[Opening THE DATA section]

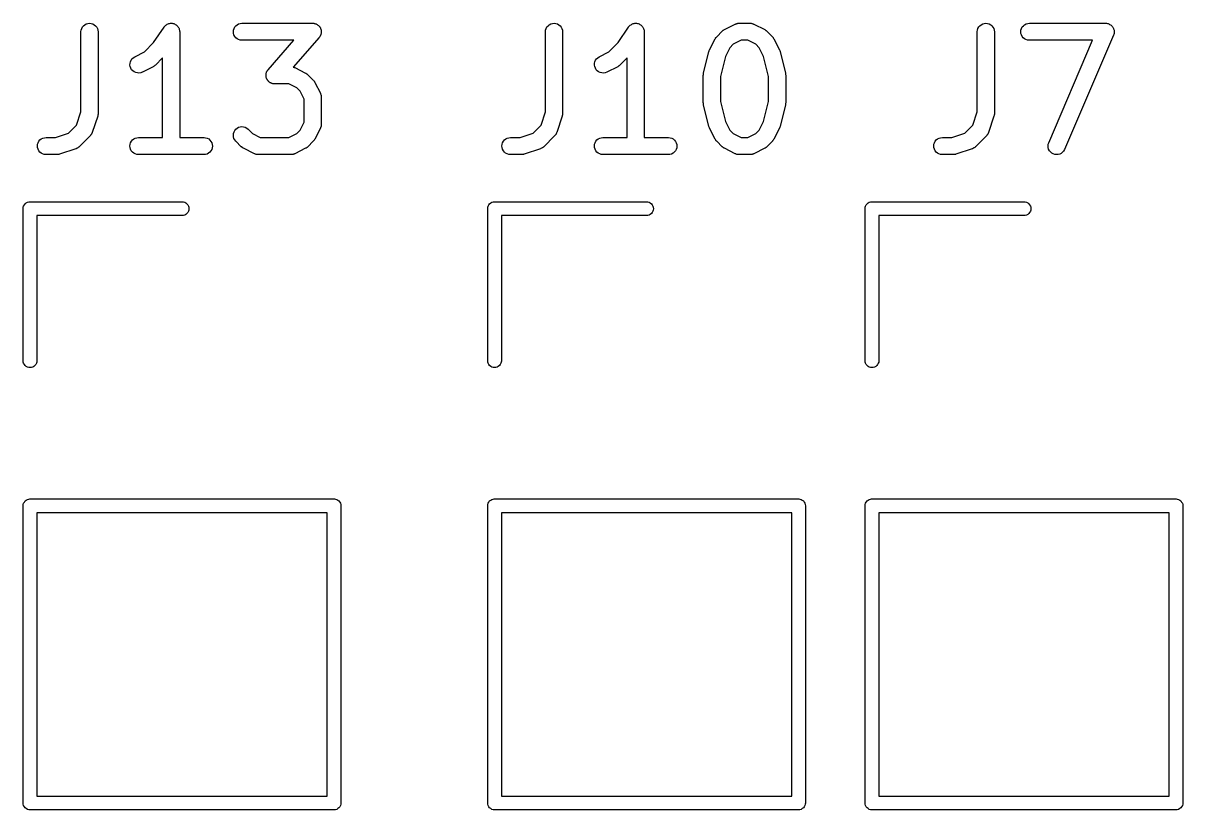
# Model space of a CAD drawing. Extents: x 96 to 150, y -148 to -38.
# Drawn here: x 110.37 to 120.52, y -120.26 to -113.38 of the extents above; entities that cross this region are included whole.
import ezdxf

# ---------------------------------------------------------------- set-up
doc = ezdxf.new("R2010")
doc.units = 0
doc.header["$MEASUREMENT"] = 0
doc.layers.add('BLACK', color=7, linetype='CONTINUOUS')

msp = doc.modelspace()

# ---------------------------------------------------------------- linework, layer by layer
at = {"layer": 'BLACK', "linetype": 'CONTINUOUS'}
for p, q in [((110.877, -113.439), (110.882, -113.425)), ((110.882, -113.425), (110.889, -113.412)), ((110.889, -113.412), (110.898, -113.401)), ((110.898, -113.401), (110.909, -113.392)), ((110.909, -113.392), (110.922, -113.385)), ((110.922, -113.385), (110.936, -113.381)), ((110.936, -113.381), (110.951, -113.379)), ((110.951, -113.379), (110.966, -113.381)), ((110.966, -113.381), (110.98, -113.385)), ((110.98, -113.385), (110.992, -113.392)), ((110.992, -113.392), (111.004, -113.402)), ((111.004, -113.402), (111.013, -113.413)), ((111.013, -113.413), (111.02, -113.426)), ((111.02, -113.426), (111.024, -113.44)), ((111.511, -113.549), (111.602, -113.413)), ((111.602, -113.413), (111.603, -113.412)), ((111.603, -113.412), (111.608, -113.406)), ((111.603, -113.412), (111.603, -113.412)), ((111.603, -113.412), (111.603, -113.412)), ((111.603, -113.412), (111.603, -113.412)), ((111.608, -113.406), (111.612, -113.401)), ((111.612, -113.401), (111.618, -113.396)), ((111.612, -113.401), (111.612, -113.401)), ((111.612, -113.401), (111.612, -113.401)), ((111.618, -113.396), (111.624, -113.392)), ((111.624, -113.392), (111.631, -113.388)), ((111.624, -113.392), (111.624, -113.392)), ((111.624, -113.392), (111.624, -113.392)), ((111.631, -113.388), (111.637, -113.385)), ((111.637, -113.385), (111.644, -113.383)), ((111.637, -113.385), (111.637, -113.385)), ((111.637, -113.385), (111.637, -113.385)), ((111.644, -113.383), (111.651, -113.381)), ((111.651, -113.381), (111.658, -113.38)), ((111.651, -113.381), (111.651, -113.381)), ((111.651, -113.381), (111.651, -113.381)), ((111.658, -113.38), (111.665, -113.379)), ((111.665, -113.379), (111.665, -113.379)), ((111.665, -113.379), (111.673, -113.38)), ((111.665, -113.379), (111.665, -113.379)), ((111.673, -113.38), (111.68, -113.381)), ((111.68, -113.381), (111.68, -113.381)), ((111.68, -113.381), (111.68, -113.381)), ((111.68, -113.381), (111.687, -113.383)), ((111.687, -113.383), (111.694, -113.385)), ((111.694, -113.385), (111.694, -113.385)), ((111.694, -113.385), (111.694, -113.385)), ((111.694, -113.385), (111.7, -113.389)), ((111.7, -113.389), (111.707, -113.392)), ((111.707, -113.392), (111.707, -113.392)), ((111.707, -113.392), (111.707, -113.392)), ((111.707, -113.392), (111.712, -113.397)), ((111.712, -113.397), (111.718, -113.402)), ((111.718, -113.402), (111.718, -113.402)), ((111.718, -113.402), (111.718, -113.402)), ((111.718, -113.402), (111.723, -113.408)), ((111.723, -113.408), (111.727, -113.413)), ((111.727, -113.413), (111.727, -113.413)), ((111.727, -113.413), (111.727, -113.413)), ((111.727, -113.413), (111.731, -113.42)), ((111.731, -113.42), (111.734, -113.426)), ((111.734, -113.426), (111.734, -113.426)), ((111.734, -113.426), (111.734, -113.426)), ((111.734, -113.426), (111.736, -113.433)), ((112.21, -113.439), (112.215, -113.425)), ((112.215, -113.425), (112.222, -113.412)), ((112.222, -113.412), (112.231, -113.401)), ((112.231, -113.401), (112.242, -113.392)), ((112.242, -113.392), (112.255, -113.385)), ((112.255, -113.385), (112.269, -113.381)), ((112.269, -113.381), (112.284, -113.379)), ((112.284, -113.379), (112.903, -113.379)), ((112.903, -113.379), (112.904, -113.379)), ((112.904, -113.379), (112.909, -113.38)), ((112.909, -113.38), (112.913, -113.38)), ((112.913, -113.38), (112.916, -113.381)), ((112.916, -113.381), (112.918, -113.381)), ((112.918, -113.381), (112.923, -113.382)), ((112.923, -113.382), (112.928, -113.384)), ((112.928, -113.384), (112.93, -113.385)), ((112.93, -113.385), (112.932, -113.385)), ((112.932, -113.385), (112.937, -113.388)), ((112.937, -113.388), (112.941, -113.39)), ((112.941, -113.39), (112.943, -113.391)), ((112.943, -113.391), (112.945, -113.392)), ((112.945, -113.392), (112.949, -113.396)), ((112.949, -113.396), (112.953, -113.398)), ((112.953, -113.398), (112.954, -113.4)), ((112.954, -113.4), (112.956, -113.402)), ((112.956, -113.402), (112.959, -113.406)), ((112.959, -113.406), (112.963, -113.409)), ((112.963, -113.409), (112.964, -113.411)), ((112.964, -113.411), (112.966, -113.413)), ((112.966, -113.413), (112.968, -113.417)), ((112.968, -113.417), (112.97, -113.421)), ((112.97, -113.421), (112.971, -113.424)), ((112.971, -113.424), (112.972, -113.426)), ((112.972, -113.426), (112.974, -113.431)), ((112.974, -113.431), (112.975, -113.435)), ((114.941, -113.439), (114.946, -113.425)), ((114.946, -113.425), (114.953, -113.412)), ((114.953, -113.412), (114.962, -113.401)), ((114.962, -113.401), (114.973, -113.392)), ((114.973, -113.392), (114.986, -113.385)), ((114.986, -113.385), (115, -113.381)), ((115, -113.381), (115.015, -113.379)), ((115.015, -113.379), (115.03, -113.381)), ((115.03, -113.381), (115.044, -113.385)), ((115.044, -113.385), (115.056, -113.392)), ((115.056, -113.392), (115.068, -113.402)), ((115.068, -113.402), (115.077, -113.413)), ((115.077, -113.413), (115.084, -113.426)), ((115.084, -113.426), (115.088, -113.44)), ((115.575, -113.549), (115.666, -113.413)), ((115.666, -113.413), (115.667, -113.412)), ((115.667, -113.412), (115.672, -113.406)), ((115.667, -113.412), (115.667, -113.412)), ((115.667, -113.412), (115.667, -113.412)), ((115.667, -113.412), (115.667, -113.412)), ((115.672, -113.406), (115.676, -113.401)), ((115.676, -113.401), (115.682, -113.396)), ((115.676, -113.401), (115.676, -113.401)), ((115.676, -113.401), (115.676, -113.401)), ((115.682, -113.396), (115.688, -113.392)), ((115.688, -113.392), (115.695, -113.388)), ((115.688, -113.392), (115.688, -113.392)), ((115.688, -113.392), (115.688, -113.392)), ((115.695, -113.388), (115.701, -113.385)), ((115.701, -113.385), (115.708, -113.383)), ((115.701, -113.385), (115.701, -113.385)), ((115.701, -113.385), (115.701, -113.385)), ((115.708, -113.383), (115.715, -113.381)), ((115.715, -113.381), (115.722, -113.38)), ((115.715, -113.381), (115.715, -113.381)), ((115.715, -113.381), (115.715, -113.381)), ((115.722, -113.38), (115.729, -113.379)), ((115.729, -113.379), (115.729, -113.379)), ((115.729, -113.379), (115.737, -113.38)), ((115.729, -113.379), (115.729, -113.379)), ((115.737, -113.38), (115.744, -113.381)), ((115.744, -113.381), (115.744, -113.381)), ((115.744, -113.381), (115.744, -113.381)), ((115.744, -113.381), (115.751, -113.383)), ((115.751, -113.383), (115.758, -113.385)), ((115.758, -113.385), (115.758, -113.385)), ((115.758, -113.385), (115.758, -113.385)), ((115.758, -113.385), (115.764, -113.389)), ((115.764, -113.389), (115.771, -113.392)), ((115.771, -113.392), (115.771, -113.392)), ((115.771, -113.392), (115.771, -113.392)), ((115.771, -113.392), (115.776, -113.397)), ((115.776, -113.397), (115.782, -113.402)), ((115.782, -113.402), (115.782, -113.402)), ((115.782, -113.402), (115.782, -113.402)), ((115.782, -113.402), (115.787, -113.408)), ((115.787, -113.408), (115.791, -113.413)), ((115.791, -113.413), (115.791, -113.413)), ((115.791, -113.413), (115.791, -113.413)), ((115.791, -113.413), (115.795, -113.42)), ((115.795, -113.42), (115.798, -113.426)), ((115.798, -113.426), (115.798, -113.426)), ((115.798, -113.426), (115.798, -113.426)), ((115.798, -113.426), (115.8, -113.433)), ((116.505, -113.435), (116.6, -113.387)), ((116.6, -113.387), (116.601, -113.387)), ((116.601, -113.387), (116.603, -113.386)), ((116.603, -113.386), (116.605, -113.385)), ((116.605, -113.385), (116.61, -113.384)), ((116.61, -113.384), (116.615, -113.382)), ((116.615, -113.382), (116.617, -113.381)), ((116.617, -113.381), (116.619, -113.381)), ((116.619, -113.381), (116.624, -113.38)), ((116.624, -113.38), (116.629, -113.38)), ((116.629, -113.38), (116.631, -113.38)), ((116.631, -113.38), (116.634, -113.379)), ((116.634, -113.379), (116.729, -113.379)), ((116.729, -113.379), (116.73, -113.379)), ((116.73, -113.379), (116.732, -113.38)), ((116.732, -113.38), (116.734, -113.38)), ((116.734, -113.38), (116.739, -113.38)), ((116.739, -113.38), (116.744, -113.381)), ((116.744, -113.381), (116.746, -113.382)), ((116.746, -113.382), (116.749, -113.382)), ((116.749, -113.382), (116.753, -113.384)), ((116.753, -113.384), (116.758, -113.385)), ((116.758, -113.385), (116.76, -113.387)), ((116.76, -113.387), (116.762, -113.387)), ((116.762, -113.387), (116.858, -113.435)), ((118.719, -113.439), (118.724, -113.425)), ((118.724, -113.425), (118.731, -113.412)), ((118.731, -113.412), (118.74, -113.401)), ((118.74, -113.401), (118.752, -113.392)), ((118.752, -113.392), (118.765, -113.385)), ((118.765, -113.385), (118.779, -113.381)), ((118.779, -113.381), (118.793, -113.379)), ((118.793, -113.379), (118.808, -113.381)), ((118.808, -113.381), (118.822, -113.385)), ((118.822, -113.385), (118.835, -113.392)), ((118.835, -113.392), (118.846, -113.402)), ((118.846, -113.402), (118.855, -113.413)), ((118.855, -113.413), (118.862, -113.426)), ((118.862, -113.426), (118.866, -113.44)), ((119.1, -113.439), (119.104, -113.425)), ((119.104, -113.425), (119.111, -113.412)), ((119.111, -113.412), (119.121, -113.401)), ((119.121, -113.401), (119.132, -113.392)), ((119.132, -113.392), (119.145, -113.385)), ((119.145, -113.385), (119.159, -113.381)), ((119.159, -113.381), (119.174, -113.379)), ((119.174, -113.379), (119.84, -113.379)), ((119.84, -113.379), (119.841, -113.379)), ((119.841, -113.379), (119.842, -113.379)), ((119.842, -113.379), (119.842, -113.379)), ((119.842, -113.379), (119.849, -113.38)), ((119.849, -113.38), (119.856, -113.381)), ((119.856, -113.381), (119.856, -113.381)), ((119.856, -113.381), (119.856, -113.381)), ((119.856, -113.381), (119.863, -113.383)), ((119.863, -113.383), (119.87, -113.385)), ((119.87, -113.385), (119.87, -113.386)), ((119.87, -113.386), (119.87, -113.386)), ((119.87, -113.386), (119.876, -113.389)), ((119.876, -113.389), (119.883, -113.392)), ((119.883, -113.392), (119.883, -113.393)), ((119.883, -113.393), (119.883, -113.393)), ((119.883, -113.393), (119.888, -113.397)), ((119.888, -113.397), (119.894, -113.402)), ((119.894, -113.402), (119.894, -113.402)), ((119.894, -113.402), (119.894, -113.402)), ((119.894, -113.402), (119.899, -113.408)), ((119.899, -113.408), (119.903, -113.413)), ((119.903, -113.413), (119.903, -113.414)), ((119.903, -113.414), (119.903, -113.414)), ((119.903, -113.414), (119.907, -113.42)), ((119.907, -113.42), (119.91, -113.426)), ((119.91, -113.426), (119.91, -113.427)), ((119.91, -113.427), (119.91, -113.427)), ((119.91, -113.427), (119.912, -113.433)), ((110.875, -113.453), (110.877, -113.439)), ((110.875, -113.454), (110.875, -113.453)), ((110.875, -114.156), (110.875, -113.454)), ((111.024, -113.44), (111.025, -113.454)), ((111.025, -113.454), (111.025, -114.169)), ((111.736, -113.433), (111.738, -113.44)), ((111.738, -113.44), (111.738, -113.44)), ((111.738, -113.44), (111.738, -113.44)), ((111.738, -113.44), (111.739, -113.447)), ((111.739, -113.447), (111.74, -113.454)), ((111.74, -113.454), (111.74, -114.379)), ((112.209, -113.454), (112.21, -113.439)), ((112.21, -113.468), (112.209, -113.454)), ((112.214, -113.482), (112.21, -113.468)), ((112.221, -113.495), (112.214, -113.482)), ((112.23, -113.507), (112.221, -113.495)), ((112.241, -113.516), (112.23, -113.507)), ((112.254, -113.523), (112.241, -113.516)), ((112.268, -113.528), (112.254, -113.523)), ((112.283, -113.529), (112.268, -113.528)), ((112.284, -113.529), (112.283, -113.529)), ((112.738, -113.529), (112.284, -113.529)), ((112.513, -113.786), (112.738, -113.529)), ((112.959, -113.504), (112.732, -113.763)), ((112.962, -113.5), (112.959, -113.504)), ((112.965, -113.496), (112.962, -113.5)), ((112.966, -113.494), (112.965, -113.496)), ((112.968, -113.492), (112.966, -113.494)), ((112.97, -113.488), (112.968, -113.492)), ((112.972, -113.483), (112.97, -113.488)), ((112.973, -113.481), (112.972, -113.483)), ((112.974, -113.479), (112.973, -113.481)), ((112.975, -113.474), (112.974, -113.479)), ((112.975, -113.435), (112.976, -113.438)), ((112.976, -113.469), (112.975, -113.474)), ((112.976, -113.438), (112.977, -113.44)), ((112.977, -113.467), (112.976, -113.469)), ((112.977, -113.44), (112.977, -113.445)), ((112.977, -113.445), (112.978, -113.45)), ((112.978, -113.455), (112.977, -113.46)), ((112.977, -113.46), (112.977, -113.464)), ((112.977, -113.464), (112.977, -113.467)), ((112.978, -113.45), (112.978, -113.452)), ((112.978, -113.452), (112.978, -113.455)), ((114.939, -113.453), (114.941, -113.439)), ((114.939, -113.454), (114.939, -113.453)), ((114.939, -114.156), (114.939, -113.454)), ((115.088, -113.44), (115.089, -113.454)), ((115.089, -113.454), (115.089, -114.169)), ((115.8, -113.433), (115.802, -113.44)), ((115.802, -113.44), (115.802, -113.44)), ((115.802, -113.44), (115.802, -113.44)), ((115.802, -113.44), (115.803, -113.447)), ((115.803, -113.447), (115.804, -113.454)), ((115.804, -113.454), (115.804, -114.379)), ((116.376, -113.611), (116.424, -113.516)), ((116.424, -113.515), (116.426, -113.512)), ((116.424, -113.516), (116.424, -113.515)), ((116.426, -113.512), (116.428, -113.508)), ((116.428, -113.508), (116.43, -113.505)), ((116.43, -113.505), (116.432, -113.503)), ((116.432, -113.503), (116.435, -113.5)), ((116.435, -113.5), (116.438, -113.497)), ((116.438, -113.497), (116.485, -113.449)), ((116.485, -113.449), (116.486, -113.448)), ((116.486, -113.448), (116.489, -113.446)), ((116.489, -113.446), (116.492, -113.443)), ((116.492, -113.443), (116.495, -113.441)), ((116.495, -113.441), (116.497, -113.439)), ((116.497, -113.439), (116.501, -113.437)), ((116.501, -113.437), (116.505, -113.435)), ((116.651, -113.529), (116.583, -113.564)), ((116.711, -113.529), (116.651, -113.529)), ((116.78, -113.564), (116.711, -113.529)), ((116.858, -113.435), (116.858, -113.435)), ((116.858, -113.435), (116.862, -113.438)), ((116.862, -113.438), (116.866, -113.44)), ((116.866, -113.44), (116.868, -113.442)), ((116.868, -113.442), (116.871, -113.443)), ((116.871, -113.443), (116.874, -113.446)), ((116.874, -113.446), (116.877, -113.449)), ((116.877, -113.449), (116.925, -113.497)), ((116.925, -113.497), (116.925, -113.497)), ((116.925, -113.497), (116.928, -113.501)), ((116.928, -113.501), (116.931, -113.504)), ((116.931, -113.504), (116.933, -113.506)), ((116.933, -113.506), (116.935, -113.509)), ((116.935, -113.509), (116.936, -113.513)), ((116.936, -113.513), (116.939, -113.516)), ((116.939, -113.516), (116.986, -113.611)), ((118.718, -113.453), (118.719, -113.439)), ((118.718, -113.454), (118.718, -113.453)), ((118.718, -114.156), (118.718, -113.454)), ((118.866, -113.44), (118.868, -113.454)), ((118.868, -113.454), (118.868, -114.169)), ((119.099, -113.454), (119.1, -113.439)), ((119.1, -113.468), (119.099, -113.454)), ((119.104, -113.482), (119.1, -113.468)), ((119.111, -113.495), (119.104, -113.482)), ((119.12, -113.507), (119.111, -113.495)), ((119.131, -113.516), (119.12, -113.507)), ((119.144, -113.523), (119.131, -113.516)), ((119.158, -113.528), (119.144, -113.523)), ((119.173, -113.529), (119.158, -113.528)), ((119.174, -113.529), (119.173, -113.529)), ((119.727, -113.529), (119.174, -113.529)), ((119.343, -114.425), (119.727, -113.529)), ((119.909, -113.484), (119.481, -114.484)), ((119.912, -113.477), (119.909, -113.483)), ((119.909, -113.483), (119.909, -113.484)), ((119.909, -113.484), (119.909, -113.484)), ((119.912, -113.433), (119.914, -113.44)), ((119.914, -113.47), (119.912, -113.477)), ((119.914, -113.44), (119.914, -113.441)), ((119.914, -113.441), (119.914, -113.441)), ((119.914, -113.441), (119.915, -113.448)), ((119.915, -113.455), (119.914, -113.462)), ((119.914, -113.462), (119.914, -113.469)), ((119.914, -113.469), (119.914, -113.47)), ((119.914, -113.47), (119.914, -113.47)), ((119.915, -113.448), (119.915, -113.455)), ((119.915, -113.455), (119.915, -113.455)), ((119.915, -113.455), (119.915, -113.455)), ((111.346, -113.673), (111.43, -113.631)), ((111.43, -113.631), (111.511, -113.549)), ((115.41, -113.673), (115.494, -113.631)), ((115.494, -113.631), (115.575, -113.549)), ((116.323, -113.817), (116.37, -113.627)), ((116.37, -113.627), (116.371, -113.626)), ((116.371, -113.625), (116.373, -113.618)), ((116.371, -113.626), (116.371, -113.625)), ((116.371, -113.625), (116.371, -113.625)), ((116.373, -113.618), (116.376, -113.612)), ((116.376, -113.612), (116.376, -113.611)), ((116.376, -113.612), (116.376, -113.612)), ((116.552, -113.594), (116.514, -113.671)), ((116.583, -113.564), (116.552, -113.594)), ((116.81, -113.594), (116.78, -113.564)), ((116.848, -113.671), (116.81, -113.594)), ((116.986, -113.611), (116.987, -113.612)), ((116.987, -113.612), (116.987, -113.613)), ((116.987, -113.613), (116.987, -113.613)), ((116.987, -113.613), (116.989, -113.619)), ((116.989, -113.619), (116.992, -113.626)), ((116.992, -113.626), (116.992, -113.626)), ((116.992, -113.626), (116.992, -113.627)), ((116.992, -113.627), (117.04, -113.817)), ((111.304, -113.745), (111.305, -113.73)), ((111.305, -113.73), (111.308, -113.716)), ((111.308, -113.716), (111.314, -113.703)), ((111.314, -113.703), (111.322, -113.691)), ((111.322, -113.691), (111.333, -113.681)), ((111.333, -113.681), (111.346, -113.673)), ((111.59, -113.683), (111.527, -113.746)), ((111.59, -114.379), (111.59, -113.683)), ((115.368, -113.745), (115.369, -113.73)), ((115.369, -113.73), (115.372, -113.716)), ((115.372, -113.716), (115.378, -113.703)), ((115.378, -113.703), (115.386, -113.691)), ((115.386, -113.691), (115.397, -113.681)), ((115.397, -113.681), (115.41, -113.673)), ((115.654, -113.683), (115.591, -113.746)), ((115.654, -114.379), (115.654, -113.683)), ((116.514, -113.671), (116.47, -113.845)), ((116.892, -113.845), (116.848, -113.671)), ((111.307, -113.759), (111.304, -113.745)), ((111.312, -113.773), (111.307, -113.759)), ((111.319, -113.786), (111.312, -113.773)), ((111.329, -113.796), (111.319, -113.786)), ((111.341, -113.805), (111.329, -113.796)), ((111.355, -113.811), (111.341, -113.805)), ((111.369, -113.814), (111.355, -113.811)), ((111.383, -113.815), (111.369, -113.814)), ((111.398, -113.813), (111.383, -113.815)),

[Closing THE DATA section]

WHAT YOU NEED TO DO
Once the lines holding the word "CONTINUOUS" in the material above are counted, report that number by itself.

ANSWER BOX
2